● **WORK TASK**
Reproduce exactly the lines below from the one containing "300; d = 120;" through the one containing "Telephone/1 -> Occupancy/1, Phones", including both, and nothing else.

Dataset entries
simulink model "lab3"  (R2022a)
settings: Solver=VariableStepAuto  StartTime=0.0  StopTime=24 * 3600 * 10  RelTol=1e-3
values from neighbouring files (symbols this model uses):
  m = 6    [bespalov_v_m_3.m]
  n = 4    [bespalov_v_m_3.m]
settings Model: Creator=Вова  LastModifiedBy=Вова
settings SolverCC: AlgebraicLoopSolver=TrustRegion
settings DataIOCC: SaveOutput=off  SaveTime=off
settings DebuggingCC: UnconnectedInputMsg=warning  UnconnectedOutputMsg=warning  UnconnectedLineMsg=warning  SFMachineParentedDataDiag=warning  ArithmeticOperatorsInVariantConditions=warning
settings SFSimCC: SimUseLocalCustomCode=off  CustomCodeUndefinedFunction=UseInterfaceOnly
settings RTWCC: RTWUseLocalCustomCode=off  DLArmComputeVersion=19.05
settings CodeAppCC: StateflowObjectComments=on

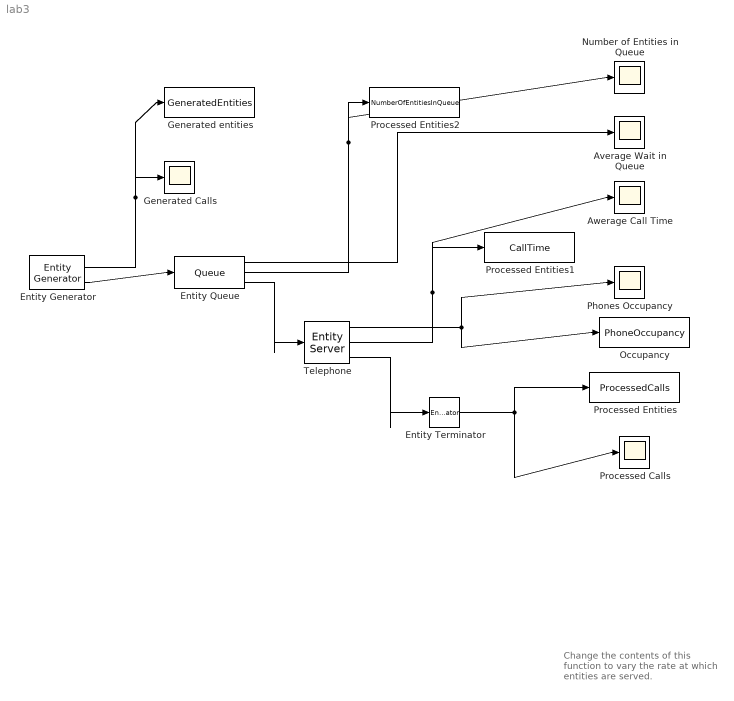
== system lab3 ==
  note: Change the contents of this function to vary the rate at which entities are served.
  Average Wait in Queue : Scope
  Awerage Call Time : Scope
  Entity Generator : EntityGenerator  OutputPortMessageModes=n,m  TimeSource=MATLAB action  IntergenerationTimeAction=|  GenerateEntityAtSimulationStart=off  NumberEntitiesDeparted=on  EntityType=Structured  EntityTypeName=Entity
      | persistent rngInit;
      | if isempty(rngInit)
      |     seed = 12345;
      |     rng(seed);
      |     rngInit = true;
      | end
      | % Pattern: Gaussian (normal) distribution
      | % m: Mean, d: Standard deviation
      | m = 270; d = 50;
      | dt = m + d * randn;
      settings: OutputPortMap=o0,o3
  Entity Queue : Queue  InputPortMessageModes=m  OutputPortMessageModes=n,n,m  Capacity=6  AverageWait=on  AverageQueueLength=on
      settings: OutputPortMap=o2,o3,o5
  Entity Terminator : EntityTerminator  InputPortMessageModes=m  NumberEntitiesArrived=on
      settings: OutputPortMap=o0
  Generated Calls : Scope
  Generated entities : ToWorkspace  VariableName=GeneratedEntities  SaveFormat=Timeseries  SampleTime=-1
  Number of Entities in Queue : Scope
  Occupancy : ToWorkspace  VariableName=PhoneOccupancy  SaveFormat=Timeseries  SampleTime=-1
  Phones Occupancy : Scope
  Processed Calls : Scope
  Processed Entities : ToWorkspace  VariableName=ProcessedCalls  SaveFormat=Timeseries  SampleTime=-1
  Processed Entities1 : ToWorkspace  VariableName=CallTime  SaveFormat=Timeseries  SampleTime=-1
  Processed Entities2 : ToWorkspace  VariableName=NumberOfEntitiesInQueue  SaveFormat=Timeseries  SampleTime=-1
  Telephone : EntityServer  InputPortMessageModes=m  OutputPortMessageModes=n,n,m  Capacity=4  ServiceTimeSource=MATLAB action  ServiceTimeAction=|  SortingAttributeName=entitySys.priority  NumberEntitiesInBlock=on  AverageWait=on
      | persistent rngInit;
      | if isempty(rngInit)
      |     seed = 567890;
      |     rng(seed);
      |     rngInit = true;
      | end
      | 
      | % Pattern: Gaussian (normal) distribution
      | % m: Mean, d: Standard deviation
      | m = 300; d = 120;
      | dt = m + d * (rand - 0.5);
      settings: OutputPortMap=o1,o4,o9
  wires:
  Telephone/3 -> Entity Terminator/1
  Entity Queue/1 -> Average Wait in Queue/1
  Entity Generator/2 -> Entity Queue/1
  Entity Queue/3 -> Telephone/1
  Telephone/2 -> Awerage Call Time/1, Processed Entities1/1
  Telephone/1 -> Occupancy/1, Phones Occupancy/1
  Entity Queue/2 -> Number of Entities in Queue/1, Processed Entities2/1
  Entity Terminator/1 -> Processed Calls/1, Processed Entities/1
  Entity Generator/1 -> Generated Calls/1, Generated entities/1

● **WRITTEN SOLUTION**
      | m = 300; d = 120;
      | dt = m + d * (rand - 0.5);
      settings: OutputPortMap=o1,o4,o9
  wires:
  Telephone/3 -> Entity Terminator/1
  Entity Queue/1 -> Average Wait in Queue/1
  Entity Generator/2 -> Entity Queue/1
  Entity Queue/3 -> Telephone/1
  Telephone/2 -> Awerage Call Time/1, Processed Entities1/1
  Telephone/1 -> Occupancy/1, Phones Occupancy/1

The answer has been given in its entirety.